A diretora da Escola José Otão, Fernanda Barea, explica que toda a questão extracurricular foi pensada antes de montar o calendário. De acordo com ela, nenhum conteúdo novo é repassado nas aulas de recuperação, justamente, para não prejudicar o desempenho e a vida social dos estudantes. Mesmo assim, a diretora afirma que será preciso estender o calendário de 2017 para além do dia 13 de janeiro do próximo ano. Os horários ainda não foram determinados.
— Nada foi decidido de forma arbitrária dentro da escola.

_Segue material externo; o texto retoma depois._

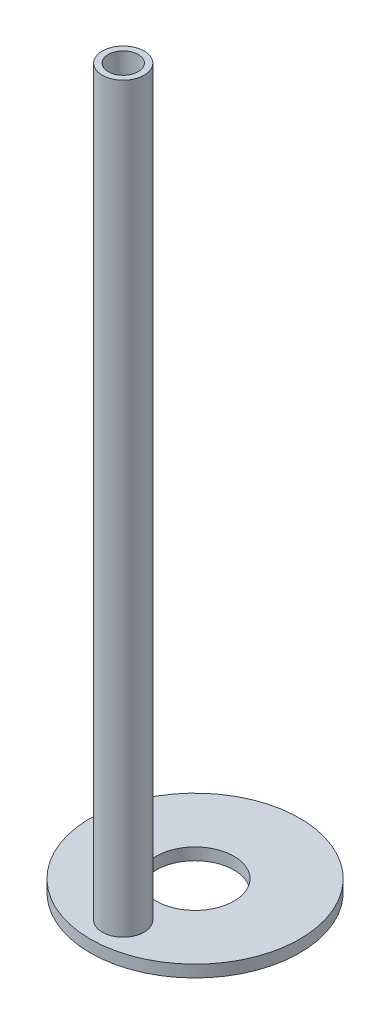
from build123d import *

# Parameters (mm, degrees)
SKETCH2_R          = 17.5
SKETCH2_R_2        = 6.5
PLATE_DEPTH        = 1
SKETCH2_4_R        = 3.5
ROD_DEPTH          = 125
SKETCH3_R          = 2.5
CUT_EXTRUDE1_DEPTH = 129.407554295


with BuildPart() as part:
    # Sketch2 → Plate (new, symmetric)
    with BuildSketch(Plane(origin=(0, 0, 0), x_dir=(1, 0, 0), z_dir=(0, 1, 0))):
        Circle(SKETCH2_R)
        Circle(SKETCH2_R_2, mode=Mode.SUBTRACT)
    extrude(amount=PLATE_DEPTH, both=True)

    # Sketch2_4 → Rod (add)
    with BuildSketch(Plane(origin=(0, 0, 0), x_dir=(1, 0, 0), z_dir=(0, 1, 0))):
        with Locations((0, -12)):
            Circle(SKETCH2_4_R)
    extrude(amount=ROD_DEPTH)

    # Sketch3 → Cut-Extrude1 (cut, through all)
    with BuildSketch(Plane(origin=(0, 125, 0), x_dir=(1, 0, 0), z_dir=(0, 1, 0))):
        with Locations((0, -12)):
            Circle(SKETCH3_R)
    extrude(amount=-CUT_EXTRUDE1_DEPTH, mode=Mode.SUBTRACT)


solid = part.part
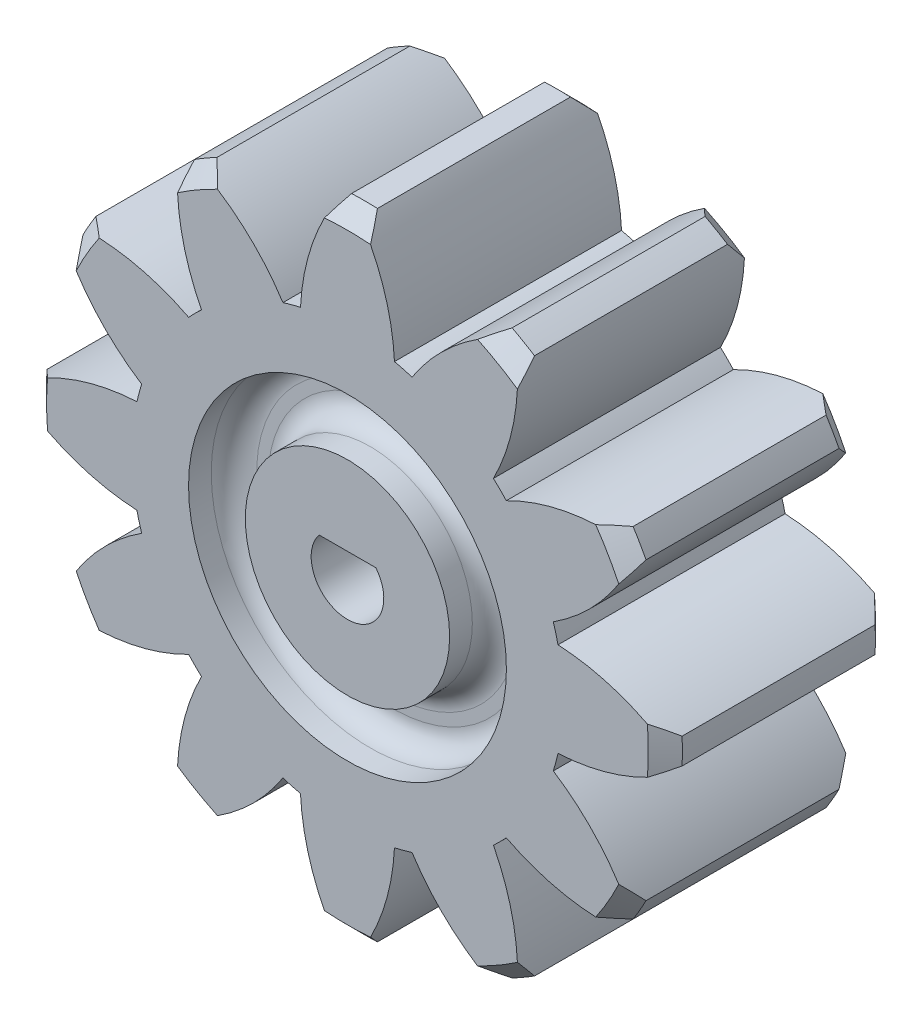
from build123d import *

# Parameters (mm, degrees)
SKETCH1_R                    = 9.5
BOSS_EXTRUDE1_DEPTH          = 10
CHAMFER1_SIZE                = 0.75
CIRPATTERN1_COUNT            = 12
CHAMFER1_OF_CIRPATTERN1_SIZE = 0.75
SKETCH2_R                    = 7
SKETCH2_R_2                  = 4.5
CUT_EXTRUDE1_DEPTH           = 2
FILLET1_R                    = 1
FILLET1_OF_MIRROR1_R         = 1
CUT_EXTRUDE2_REACH           = 12


with BuildPart() as part:
    # Sketch1 → Boss-Extrude1 (new body)
    with BuildSketch(Plane.XY):
        Circle(SKETCH1_R)
        with BuildLine():
            ThreePointArc((-2.07, 9.271736623), (0, 9.5), (2.07, 9.271736623))
            ThreePointArc((2.07, 9.271736623), (1.625653209, 11.72726856), (0.57, 13.988391616))
            ThreePointArc((0.57, 13.988391616), (0, 14), (-0.57, 13.988391616))
            ThreePointArc((-0.57, 13.988391616), (-1.625653209, 11.72726856), (-2.07, 9.271736623))
        make_face()
    boss_extrude1 = extrude(amount=BOSS_EXTRUDE1_DEPTH)

    # Chamfer1
    chamfer1_edges = [part.edges().sort_by_distance(p)[0] for p in [
        (0, 14, 10),
        (0, 14, 0),
    ]]
    chamfer(chamfer1_edges, length=CHAMFER1_SIZE)

    # CirPattern1: Boss-Extrude1 ×12 about axis
    cirpattern1_axis = Axis((0, 0, 0), (0, 0, 1))
    for i in range(1, CIRPATTERN1_COUNT):
        add(boss_extrude1.rotate(cirpattern1_axis, i * 360 / CIRPATTERN1_COUNT))

    # Chamfer1 of CirPattern1
    chamfer1_of_cirpattern1_edges = [part.edges().sort_by_distance(p)[0] for p in [
        (-7, 12.124355653, 10),
        (-7, 12.124355653, 0),
        (-12.124355653, 7, 10),
        (-12.124355653, 7, 0),
        (-14, 0, 10),
        (-14, 0, 0),
        (-12.124355653, -7, 10),
        (-12.124355653, -7, 0),
        (-7, -12.124355653, 10),
        (-7, -12.124355653, 0),
        (0, -14, 10),
        (0, -14, 0),
        (7, -12.124355653, 10),
        (7, -12.124355653, 0),
        (12.124355653, -7, 10),
        (12.124355653, -7, 0),
        (14, 0, 10),
        (14, 0, 0),
        (12.124355653, 7, 10),
        (12.124355653, 7, 0),
        (7, 12.124355653, 10),
        (7, 12.124355653, 0),
    ]]
    chamfer(chamfer1_of_cirpattern1_edges, length=CHAMFER1_OF_CIRPATTERN1_SIZE)

    # Sketch2 → Cut-Extrude1 (cut)
    with BuildSketch(Plane.XY.offset(10)):
        Circle(SKETCH2_R)
        Circle(SKETCH2_R_2, mode=Mode.SUBTRACT)
    cut_extrude1 = extrude(amount=-CUT_EXTRUDE1_DEPTH, mode=Mode.SUBTRACT)

    # Fillet1
    fillet1_edges = [part.edges().sort_by_distance(p)[0] for p in [
        (-7, 0, 8),
        (-4.5, 0, 8),
    ]]
    fillet(fillet1_edges, radius=FILLET1_R)

    # Mirror1: Cut-Extrude1 across plane
    add(cut_extrude1.mirror(Plane.XY.offset(5)), mode=Mode.SUBTRACT)

    # Fillet1 of Mirror1
    fillet1_of_mirror1_edges = [part.edges().sort_by_distance(p)[0] for p in [
        (-7, 0, 2),
        (-4.5, 0, 2),
    ]]
    fillet(fillet1_of_mirror1_edges, radius=FILLET1_OF_MIRROR1_R)

    # Sketch3 → Cut-Extrude2 (cut, up to next)
    with BuildSketch(Plane.XY.offset(10), mode=Mode.PRIVATE) as cut_extrude2_sk1:
        with BuildLine():
            Line((1.2489996, 1), (-1.2489996, 1))
            ThreePointArc((-1.2489996, 1), (-0.529905954, -1.509701851), (1.6, 0))
            ThreePointArc((1.6, 0), (1.509701851, 0.529905954), (1.2489996, 1))
        make_face()
    cut_extrude2_tool1 = extrude(cut_extrude2_sk1.sketch, amount=-CUT_EXTRUDE2_REACH, mode=Mode.PRIVATE) & part.part
    add(cut_extrude2_tool1.solids().sort_by_distance((0, -0.185603, 10))[0], mode=Mode.SUBTRACT)


solid = part.part

Existe um trabalho focado na parte pedagógica, em que foi pensado o bem-estar dos alunos e a aprendizagem deles. Mas, de qualquer forma, temos de cumprir a carga horária estipulada por lei e, por isso, precisamos fazer essa força-tarefa. Temos professores que precisam cumprir a jornada perdida na greve, porque é de direito dos alunos receberem o conteúdo — explica Fernanda, acrescentando que nenhum aluno será reprovado pelo desempenho nas disciplinas em que os conteúdos ficaram pendentes.
Segundo a assessoria pedagógica da 4ª Coordenadoria Regional de Educação (4ª CRE), cada escola montou um calendário próprio de recuperação uma vez que, durante o período de greve, as instituições paralisaram de forma distinta. Em alguns casos, os períodos de aulas foram parcialmente reduzidos em função da ausência de determinados professores. Todos os esquemas de recuperação de conteúdo, incluindo o da José Otão, têm o aval da coordenadoria.
"Não adianta promover uma overdose de aulas"
Para o professor de pedagogia da Universidade de Caxias do Sul (UCS) Délcio Agliardi, existem dois parâmetros a serem analisados quando se fala em recuperação de aulas. O primeiro abrange a questão da lei, em que as escolas são cobradas a cumprir a carga horária de 200 dias letivos. O segundo trata da questão pedagógica, que exige a promoção da aprendizagem observando o tempo e espaço para que o estudante absorva o conteúdo.
— É um tema complexo. Foram 97 dias de greve e fica muito difícil recuperar tanto a carga horária do professor quanto os conteúdos. Se a lei fala em 200 dias letivos, nada menos do que isso será aceito. Portanto, é preciso estender os períodos de aula, mas observando, é claro, a questão pedagógica.
Assim como os pais, o docente também acredita que submeter os alunos a uma jornada exaustiva pode prejudicar o desempenho dos estudantes.
— Não adianta, agora, promover uma overdose de aulas. Tudo que é em excesso faz mal. As escolas precisam adotar um mecanismo capaz de resolver o problema de forma que nenhum lado seja prejudicado. E os pais precisam ser fiscais das leis e do pedagógico — avalia Agliardi.